Work order ▸ Would you please output, word for word, the span of the listing below that opens on the line containing "UDP Receive/1 -> Demux/1" and closes on the line containing "Demux/32 -> Bus"? Include both ends and nothing more.
=-=-=-=-=
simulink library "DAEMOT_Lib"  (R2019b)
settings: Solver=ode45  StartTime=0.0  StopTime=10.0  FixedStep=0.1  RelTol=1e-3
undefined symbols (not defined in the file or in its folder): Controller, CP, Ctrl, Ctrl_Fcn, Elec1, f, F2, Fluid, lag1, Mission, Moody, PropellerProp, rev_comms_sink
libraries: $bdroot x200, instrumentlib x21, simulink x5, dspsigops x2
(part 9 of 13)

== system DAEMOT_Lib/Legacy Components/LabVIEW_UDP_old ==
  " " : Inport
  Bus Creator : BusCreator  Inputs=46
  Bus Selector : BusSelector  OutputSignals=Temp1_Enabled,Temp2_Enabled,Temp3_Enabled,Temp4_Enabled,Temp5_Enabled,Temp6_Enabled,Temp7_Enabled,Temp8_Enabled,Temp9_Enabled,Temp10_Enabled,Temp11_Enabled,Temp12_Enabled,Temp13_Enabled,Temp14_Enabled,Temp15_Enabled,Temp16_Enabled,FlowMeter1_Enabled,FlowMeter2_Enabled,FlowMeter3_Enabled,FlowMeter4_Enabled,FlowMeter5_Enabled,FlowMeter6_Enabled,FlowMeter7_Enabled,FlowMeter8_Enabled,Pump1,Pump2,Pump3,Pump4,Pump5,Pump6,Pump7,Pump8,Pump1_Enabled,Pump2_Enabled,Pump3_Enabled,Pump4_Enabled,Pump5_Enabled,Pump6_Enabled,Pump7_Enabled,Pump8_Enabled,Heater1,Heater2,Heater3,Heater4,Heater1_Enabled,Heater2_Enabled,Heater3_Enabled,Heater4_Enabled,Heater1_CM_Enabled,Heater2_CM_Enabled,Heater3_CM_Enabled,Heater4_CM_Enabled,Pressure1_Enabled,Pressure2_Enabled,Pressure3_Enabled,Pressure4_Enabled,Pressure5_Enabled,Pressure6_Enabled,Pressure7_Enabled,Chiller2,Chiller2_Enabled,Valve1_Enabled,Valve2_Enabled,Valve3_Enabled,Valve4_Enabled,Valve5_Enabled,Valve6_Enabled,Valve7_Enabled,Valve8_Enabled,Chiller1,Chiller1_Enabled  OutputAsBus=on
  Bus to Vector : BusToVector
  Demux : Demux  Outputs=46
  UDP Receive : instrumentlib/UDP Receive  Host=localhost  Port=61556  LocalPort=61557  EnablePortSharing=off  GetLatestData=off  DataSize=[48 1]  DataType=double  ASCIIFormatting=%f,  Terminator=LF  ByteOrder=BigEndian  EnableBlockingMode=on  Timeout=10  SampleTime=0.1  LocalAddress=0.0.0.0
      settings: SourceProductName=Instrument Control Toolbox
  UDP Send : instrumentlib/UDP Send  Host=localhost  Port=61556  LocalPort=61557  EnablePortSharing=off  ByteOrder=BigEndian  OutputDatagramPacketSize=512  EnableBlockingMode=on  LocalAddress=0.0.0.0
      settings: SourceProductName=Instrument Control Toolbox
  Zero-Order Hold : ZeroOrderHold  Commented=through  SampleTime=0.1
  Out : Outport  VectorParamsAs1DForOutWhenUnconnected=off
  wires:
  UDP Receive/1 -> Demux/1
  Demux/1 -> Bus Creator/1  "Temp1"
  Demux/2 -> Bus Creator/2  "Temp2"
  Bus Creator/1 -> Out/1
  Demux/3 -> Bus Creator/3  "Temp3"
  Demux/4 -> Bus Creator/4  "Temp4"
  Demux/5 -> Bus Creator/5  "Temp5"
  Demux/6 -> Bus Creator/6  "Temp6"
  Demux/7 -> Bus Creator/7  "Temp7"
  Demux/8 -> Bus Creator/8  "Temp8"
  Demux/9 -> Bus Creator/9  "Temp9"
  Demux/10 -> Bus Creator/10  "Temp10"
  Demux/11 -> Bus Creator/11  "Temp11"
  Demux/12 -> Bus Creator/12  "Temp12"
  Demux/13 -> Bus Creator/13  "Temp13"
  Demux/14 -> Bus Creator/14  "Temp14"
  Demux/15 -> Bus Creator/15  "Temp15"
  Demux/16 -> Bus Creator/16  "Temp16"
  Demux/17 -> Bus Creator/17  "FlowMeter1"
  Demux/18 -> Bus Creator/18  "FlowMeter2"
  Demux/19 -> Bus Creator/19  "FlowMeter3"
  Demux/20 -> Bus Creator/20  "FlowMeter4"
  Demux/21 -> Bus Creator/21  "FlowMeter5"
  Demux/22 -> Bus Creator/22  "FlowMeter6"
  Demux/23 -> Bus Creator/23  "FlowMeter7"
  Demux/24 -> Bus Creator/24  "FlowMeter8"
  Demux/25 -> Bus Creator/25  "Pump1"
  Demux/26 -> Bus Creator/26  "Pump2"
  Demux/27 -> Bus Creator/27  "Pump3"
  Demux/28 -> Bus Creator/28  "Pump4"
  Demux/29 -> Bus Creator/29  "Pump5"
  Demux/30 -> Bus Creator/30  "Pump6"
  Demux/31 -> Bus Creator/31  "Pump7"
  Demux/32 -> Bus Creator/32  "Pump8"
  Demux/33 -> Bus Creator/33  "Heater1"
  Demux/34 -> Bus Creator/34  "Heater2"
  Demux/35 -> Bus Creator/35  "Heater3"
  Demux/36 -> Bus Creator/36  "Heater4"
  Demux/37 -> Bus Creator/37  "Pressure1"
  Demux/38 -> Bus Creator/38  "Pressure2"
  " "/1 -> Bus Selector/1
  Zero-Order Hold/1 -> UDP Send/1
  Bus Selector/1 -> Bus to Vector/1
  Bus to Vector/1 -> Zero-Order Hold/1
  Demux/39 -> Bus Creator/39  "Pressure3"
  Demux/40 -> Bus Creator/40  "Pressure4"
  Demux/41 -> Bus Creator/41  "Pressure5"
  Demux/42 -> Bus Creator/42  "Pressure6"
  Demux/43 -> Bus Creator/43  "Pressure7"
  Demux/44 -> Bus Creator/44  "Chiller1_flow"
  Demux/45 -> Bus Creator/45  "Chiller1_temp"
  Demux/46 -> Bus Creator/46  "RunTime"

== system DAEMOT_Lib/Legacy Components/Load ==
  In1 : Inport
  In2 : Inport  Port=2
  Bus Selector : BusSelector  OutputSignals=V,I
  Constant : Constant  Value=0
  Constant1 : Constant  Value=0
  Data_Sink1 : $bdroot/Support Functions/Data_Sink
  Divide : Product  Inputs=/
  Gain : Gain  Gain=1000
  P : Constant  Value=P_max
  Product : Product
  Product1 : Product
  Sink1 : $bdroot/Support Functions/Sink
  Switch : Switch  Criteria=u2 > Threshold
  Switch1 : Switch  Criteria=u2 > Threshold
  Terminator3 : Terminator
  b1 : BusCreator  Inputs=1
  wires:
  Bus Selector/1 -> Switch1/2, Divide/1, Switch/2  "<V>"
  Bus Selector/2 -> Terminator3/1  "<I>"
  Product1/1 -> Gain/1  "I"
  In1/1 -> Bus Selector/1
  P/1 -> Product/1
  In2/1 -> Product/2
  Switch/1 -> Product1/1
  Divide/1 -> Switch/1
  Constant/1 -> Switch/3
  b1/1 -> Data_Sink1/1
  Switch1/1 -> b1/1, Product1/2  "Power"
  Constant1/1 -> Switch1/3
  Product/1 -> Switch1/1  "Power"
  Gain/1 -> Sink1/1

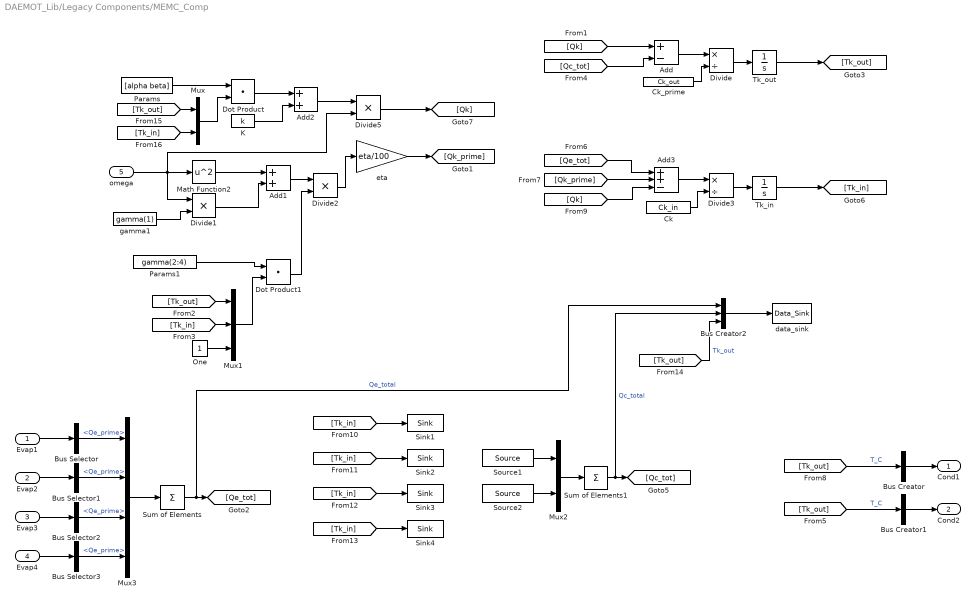
== system DAEMOT_Lib/Legacy Components/MEMC_Comp ==
  Evap1 : Inport
  Evap2 : Inport  Port=2
  Evap3 : Inport  Port=3
  Evap4 : Inport  Port=4
  omega : Inport  Port=5
  Add : Sum  Inputs=+-
  Add1 : Sum
  Add2 : Sum
  Add3 : Sum  Inputs=++-
  Bus Creator : BusCreator  Inputs=1
  Bus Creator1 : BusCreator  Inputs=1
  Bus Creator2 : BusCreator  Inputs=3
  Bus Selector{,1..3} (4 alike) : BusSelector  OutputSignals=Qe_prime
  Ck : Constant  Value=Ck_in
  Ck_prime : Constant  Value=Ck_out
  Divide : Product  Inputs=*/
  Divide1 : Product  Inputs=**
  Divide2 : Product  Inputs=**
  Divide3 : Product  Inputs=*/
  Divide5 : Product  Inputs=**
  Dot Product : DotProduct  InputSameDT=on  OutDataTypeStr=Inherit: Inherit via internal rule
  Dot Product1 : DotProduct  InputSameDT=on  OutDataTypeStr=Inherit: Inherit via internal rule
  K : Constant  Value=k
  Math Function2 : Math  Operator=square  SaturateOnIntegerOverflow=on
  Mux : Mux  Inputs=2
  Mux1 : Mux  Inputs=3
  Mux2 : Mux  Inputs=2
  Mux3 : Mux
  One : Constant
  Params : Constant  Value=[alpha beta]
  Params1 : Constant  Value=gamma(2:4)
  Sink{1..4} (4 alike) : $bdroot/Support Functions/Sink
  Source1 : $bdroot/Support Functions/Source
  Source2 : $bdroot/Support Functions/Source
  Sum of Elements : Sum  Inputs=+
  Sum of Elements1 : Sum  Inputs=+
  Tk_in : Integrator  InitialCondition=Tk_in_init
  Tk_out : Integrator  InitialCondition=Tk_out_init
  data_sink : $bdroot/Support Functions/Data_Sink
  eta : Gain  Gain=eta/100
  gamma1 : Constant  Value=gamma(1)
  Cond1 : Outport  VectorParamsAs1DForOutWhenUnconnected=off
  Cond2 : Outport  Port=2  VectorParamsAs1DForOutWhenUnconnected=off
  wires:
  [Tk_in] -> Sink4/1
  [Tk_in] -> Sink3/1
  [Tk_in] -> Sink2/1
  [Tk_in] -> Sink1/1
  [Qk] -> Add3/3
  Tk_in/1 -> [Tk_in]
  Add3/1 -> Divide3/1
  [Qk_prime] -> Add3/2
  [Qe_tot] -> Add3/1
  Divide3/1 -> Tk_in/1
  Ck/1 -> Divide3/2
  Sum of Elements1/1 -> Bus Creator2/2, [Qc_tot]  "Qc_total"
  Mux2/1 -> Sum of Elements1/1
  Source2/1 -> Mux2/2
  Source1/1 -> Mux2/1
  [Tk_out] -> Bus Creator1/1  "T_C"
  Bus Creator1/1 -> Cond2/1
  [Tk_out] -> Bus Creator/1  "T_C"
  Bus Creator/1 -> Cond1/1
  Tk_out/1 -> [Tk_out]
  Add/1 -> Divide/1
  [Qc_tot] -> Add/2
  [Qk] -> Add/1
  Divide/1 -> Tk_out/1
  Ck_prime/1 -> Divide/2
  Mux/1 -> Dot Product/2
  Params/1 -> Dot Product/1
  [Tk_in] -> Mux/2
  [Tk_out] -> Mux/1
  Divide5/1 -> [Qk]
  eta/1 -> [Qk_prime]
  Divide2/1 -> eta/1
  omega/1 -> Math Function2/1, Divide1/1, Divide5/2
  Add1/1 -> Divide2/1
  Math Function2/1 -> Add1/1
  Divide1/1 -> Add1/2
  gamma1/1 -> Divide1/2
  Mux1/1 -> Dot Product1/2
  Params1/1 -> Dot Product1/1
  [Tk_in] -> Mux1/2
  [Tk_out] -> Mux1/1
  Dot Product1/1 -> Divide2/2
  Dot Product/1 -> Add2/1
  K/1 -> Add2/2
  Add2/1 -> Divide5/1
  One/1 -> Mux1/3
  Sum of Elements/1 -> Bus Creator2/1, [Qe_tot]  "Qe_total"
  Mux3/1 -> Sum of Elements/1
  Bus Selector/1 -> Mux3/1  "<Qe_prime>"
  Bus Selector3/1 -> Mux3/4  "<Qe_prime>"
  Bus Selector1/1 -> Mux3/2  "<Qe_prime>"
  Bus Selector2/1 -> Mux3/3  "<Qe_prime>"
  Evap2/1 -> Bus Selector1/1
  Evap3/1 -> Bus Selector2/1
  Evap4/1 -> Bus Selector3/1
  Evap1/1 -> Bus Selector/1
  Bus Creator2/1 -> data_sink/1
  [Tk_out] -> Bus Creator2/3  "Tk_out"

== system DAEMOT_Lib/Legacy Components/MEMC_Valves ==
  Cond2 : Inport
  Cond1 : Inport  Port=2
  Add : Sum  Inputs=+-
  Bus Creator{,1..4} (5 alike) : BusCreator  Inputs=1
  Bus Selector1 : BusSelector  OutputSignals=Qc_prime
  Bus Selector2 : BusSelector  OutputSignals=Qc_prime
  Cv : Constant  Value=Cv
  Divide : Product  Inputs=*/
  Mux1 : Mux
  Mux2 : Mux  Inputs=2
  Sink1 : $bdroot/Support Functions/Sink
  Sink2 : $bdroot/Support Functions/Sink
  Source{1..4} (4 alike) : $bdroot/Support Functions/Source
  Sum of Elements1 : Sum  Inputs=+
  Sum of Elements4 : Sum  Inputs=+
  Tv : Integrator  InitialCondition=T_init
  data_sink : $bdroot/Support Functions/Data_Sink
  Evap4 : Outport  VectorParamsAs1DForOutWhenUnconnected=off
  Evap3 : Outport  Port=2  VectorParamsAs1DForOutWhenUnconnected=off
  Evap2 : Outport  Port=3  VectorParamsAs1DForOutWhenUnconnected=off
  Evap1 : Outport  Port=4  VectorParamsAs1DForOutWhenUnconnected=off
  wires:
  Tv/1 -> Bus Creator4/1, [Tv]  "Temp_C"
  Add/1 -> Divide/1
  [Qe_tot] -> Add/2
  [Qc_prime_tot] -> Add/1
  Divide/1 -> Tv/1
  Cv/1 -> Divide/2
  [Tv] -> Bus Creator/1, Bus Creator1/1, Bus Creator2/1, Bus Creator3/1  "T_C"
  Mux1/1 -> Sum of Elements4/1
  Sum of Elements4/1 -> [Qe_tot]
  Source4/1 -> Mux1/4
  Source3/1 -> Mux1/3
  Source1/1 -> Mux1/1
  Source2/1 -> Mux1/2
  Sum of Elements1/1 -> [Qc_prime_tot]
  Mux2/1 -> Sum of Elements1/1
  Bus Selector2/1 -> Mux2/2  "<Qc_prime>"
  Bus Selector1/1 -> Mux2/1  "<Qc_prime>"
  Cond2/1 -> Bus Selector1/1
  [Tv] -> Sink2/1, Sink1/1
  Bus Creator/1 -> Evap4/1
  Cond1/1 -> Bus Selector2/1
  Bus Creator1/1 -> Evap3/1
  Bus Creator2/1 -> Evap2/1
  Bus Creator3/1 -> Evap1/1
  Bus Creator4/1 -> data_sink/1

== system DAEMOT_Lib/Legacy Components/Pipe_M_to_M ==
  In1 : Inport
  In2 : Inport  Port=2
  Add1 : Sum
  Add5 : Sum
  Bus Creator2 : BusCreator  Inputs=3
  Constant : Constant  Value=4/(pi*D)
  Constant1 : Constant  Value=e/D
  Display : Display
  Display1 : Display
  Display2 : Display
  Divide5 : Product  Inputs=**/
  From1 : From  Commented=on  GotoTag=T_out
      settings: CloseFcn=tagdialog Close
  Gain1 : Gain  Gain=1/Fluid.Bulk_Mod
  Gain2 : Gain  Gain=0.5
  Gain3 : Gain  Gain=0.5
  Integrate1 : Integrator  InitialCondition=P_init
  Memory1 : Memory  Commented=on  InitialCondition=[Tout_init]
  Pipe_M_to_M : MATLAB Function  TreatAsAtomicUnit=on
  Props : Subsystem
  Sink1 : $bdroot/Support Functions/Sink
  Source1 : $bdroot/Support Functions/Source
  Terminator : Terminator
  Terminator1 : Terminator
  Terminator2 : Terminator
  b1 : BusCreator  Inputs=3
  data_sink1 : $bdroot/Support Functions/Data_Sink
  gb1 : BusSelector  OutputSignals=mdot_kgps,T_C,P_kPa
  n-D Lookup Table5 : Lookup_n-D  BreakpointsForDimension1=Moody.Re_vec  BreakpointsForDimension2=Moody.eD_vec  BreakpointsForDimension3=[5, 7]  Table=Moody.f  ExtrapMethod=Clip  UseLastTableValue=on  RndMeth=Simplest  InputSameDT=on
  n-D Lookup Table9 : Lookup_n-D  BreakpointsForDimension1=Fluid.P  BreakpointsForDimension2=Fluid.T  BreakpointsForDimension3=[5, 7]  Table=Fluid.Mu_pt  RndMeth=Simplest  InputSameDT=on
  Out1 : Outport  VectorParamsAs1DForOutWhenUnconnected=off
  wires:
  b1/1 -> Out1/1
  [Mdot_out] -> b1/1  "mdot_kgps"
  gb1/2 -> [T_in]  "<T_C>"
  [T_out] -> b1/2  "T_C"
  gb1/1 -> [Mdot_in]  "<mdot_kgps>"
  In1/1 -> gb1/1
  [P_out] -> b1/3  "P_kPa"
  gb1/3 -> Terminator/1  "<P_kPa>"
  [P_in] -> Sink1/1
  Source1/1 -> [Mdot_out]
  In2/1 -> [T_amb]
  Bus Creator2/1 -> data_sink1/1
  [T_out] -> Bus Creator2/1  "T_out"
  [P_in] -> Bus Creator2/2  "P_in"
  [T_amb] -> Terminator1/1
  [T_in] -> [T_out]
  [Mdot_in] -> Add5/1, Pipe_M_to_M/2(Mdot_in)
  [Mdot_out] -> Add5/2, Pipe_M_to_M/3(Mdot_out)
  [T_in] -> Add1/2, Add1/1
  From1/1 -> Memory1/1
  Add1/1 -> Gain2/1
  Gain2/1 -> n-D Lookup Table9/2, Props/2(T)
  [P] -> Props/1(P), n-D Lookup Table9/1
  Add5/1 -> Gain3/1
  Constant/1 -> Divide5/1
  Gain3/1 -> Divide5/2
  Divide5/1 -> Display/1, n-D Lookup Table5/1  "Re"
  Constant1/1 -> Display2/1, n-D Lookup Table5/2
  n-D Lookup Table5/1 -> Pipe_M_to_M/6(f), Display1/1
  Props/1(Rho) -> Gain1/1, Pipe_M_to_M/4(Rho)
  Integrate1/1 -> [P], Pipe_M_to_M/1(x)
  Pipe_M_to_M/1(x_dot) -> Integrate1/1
  [P_out] -> Bus Creator2/3  "P_out"
  Pipe_M_to_M/2(P_in) -> [P_in]
  Pipe_M_to_M/3(P_out) -> [P_out]
  n-D Lookup Table9/1 -> Divide5/3  "mu"
  Gain1/1 -> Pipe_M_to_M/5(dRho_dP)
  Props/2(dRho_dP) -> Terminator2/1

== system DAEMOT_Lib/Legacy Components/Pipe_M_to_P ==
  In1 : Inport
  In2 : Inport  Port=2
  Add1 : Sum
  Bus Creator2 : BusCreator  Inputs=3
  Constant : Constant  Value=4/(pi*D)
  Constant1 : Constant  Value=e/D
  Display : Display
  Display1 : Display
  Display2 : Display
  Divide5 : Product  Inputs=**/
  From1 : From  Commented=on  GotoTag=T_out
      settings: CloseFcn=tagdialog Close
  Gain1 : Gain  Gain=1/Fluid.Bulk_Mod
  Gain2 : Gain  Gain=0.5
  Integrate : Integrator  InitialCondition=P_init
  Memory1 : Memory  Commented=on  InitialCondition=[Tout_init]
  Pipe_P_to_M : MATLAB Function  TreatAsAtomicUnit=on
  Sink1 : $bdroot/Support Functions/Sink
  Source1 : $bdroot/Support Functions/Source
  Terminator1 : Terminator
  Terminator2 : Terminator
  b2 : BusCreator  Inputs=3
  data_sink1 : $bdroot/Support Functions/Data_Sink
  gb2 : BusSelector  OutputSignals=mdot_kgps,T_C,P_kPa
  n-D Lookup Table2 : Lookup_n-D  BreakpointsForDimension1=Fluid.P  BreakpointsForDimension2=Fluid.T  BreakpointsForDimension3=[5, 7]  Table=Fluid.Rho_pt  ExtrapMethod=Clip  UseLastTableValue=on  RndMeth=Simplest  InputSameDT=on
  n-D Lookup Table5 : Lookup_n-D  BreakpointsForDimension1=Moody.Re_vec  BreakpointsForDimension2=Moody.eD_vec  BreakpointsForDimension3=[5, 7]  Table=Moody.f  ExtrapMethod=Clip  UseLastTableValue=on  RndMeth=Simplest  InputSameDT=on
  n-D Lookup Table9 : Lookup_n-D  BreakpointsForDimension1=Fluid.P  BreakpointsForDimension2=Fluid.T  BreakpointsForDimension3=[5, 7]  Table=Fluid.Mu_pt  RndMeth=Simplest  InputSameDT=on
  Out1 : Outport  VectorParamsAs1DForOutWhenUnconnected=off
  wires:
  Bus Creator2/1 -> data_sink1/1
  [T_out] -> Bus Creator2/1  "T_out"
  [T_amb] -> Terminator1/1
  [T_in] -> [T_out]
  From1/1 -> Memory1/1
  Add1/1 -> Gain2/1
  Gain2/1 -> n-D Lookup Table2/2, n-D Lookup Table9/2
  [P_in] -> n-D Lookup Table2/1, n-D Lookup Table9/1
  Constant/1 -> Divide5/1
  Divide5/1 -> Display/1, n-D Lookup Table5/1  "Re"
  Constant1/1 -> Display2/1, n-D Lookup Table5/2
  n-D Lookup Table5/1 -> Pipe_P_to_M/6(f), Display1/1
  n-D Lookup Table2/1 -> Pipe_P_to_M/4(Rho), Gain1/1
  [T_in] -> Add1/2, Add1/1
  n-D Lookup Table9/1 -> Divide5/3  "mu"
=-=-=-=-=
Reply ▸
  UDP Receive/1 -> Demux/1
  Demux/1 -> Bus Creator/1  "Temp1"
  Demux/2 -> Bus Creator/2  "Temp2"
  Bus Creator/1 -> Out/1
  Demux/3 -> Bus Creator/3  "Temp3"
  Demux/4 -> Bus Creator/4  "Temp4"
  Demux/5 -> Bus Creator/5  "Temp5"
  Demux/6 -> Bus Creator/6  "Temp6"
  Demux/7 -> Bus Creator/7  "Temp7"
  Demux/8 -> Bus Creator/8  "Temp8"
  Demux/9 -> Bus Creator/9  "Temp9"
  Demux/10 -> Bus Creator/10  "Temp10"
  Demux/11 -> Bus Creator/11  "Temp11"
  Demux/12 -> Bus Creator/12  "Temp12"
  Demux/13 -> Bus Creator/13  "Temp13"
  Demux/14 -> Bus Creator/14  "Temp14"
  Demux/15 -> Bus Creator/15  "Temp15"
  Demux/16 -> Bus Creator/16  "Temp16"
  Demux/17 -> Bus Creator/17  "FlowMeter1"
  Demux/18 -> Bus Creator/18  "FlowMeter2"
  Demux/19 -> Bus Creator/19  "FlowMeter3"
  Demux/20 -> Bus Creator/20  "FlowMeter4"
  Demux/21 -> Bus Creator/21  "FlowMeter5"
  Demux/22 -> Bus Creator/22  "FlowMeter6"
  Demux/23 -> Bus Creator/23  "FlowMeter7"
  Demux/24 -> Bus Creator/24  "FlowMeter8"
  Demux/25 -> Bus Creator/25  "Pump1"
  Demux/26 -> Bus Creator/26  "Pump2"
  Demux/27 -> Bus Creator/27  "Pump3"
  Demux/28 -> Bus Creator/28  "Pump4"
  Demux/29 -> Bus Creator/29  "Pump5"
  Demux/30 -> Bus Creator/30  "Pump6"
  Demux/31 -> Bus Creator/31  "Pump7"
  Demux/32 -> Bus Creator/32  "Pump8"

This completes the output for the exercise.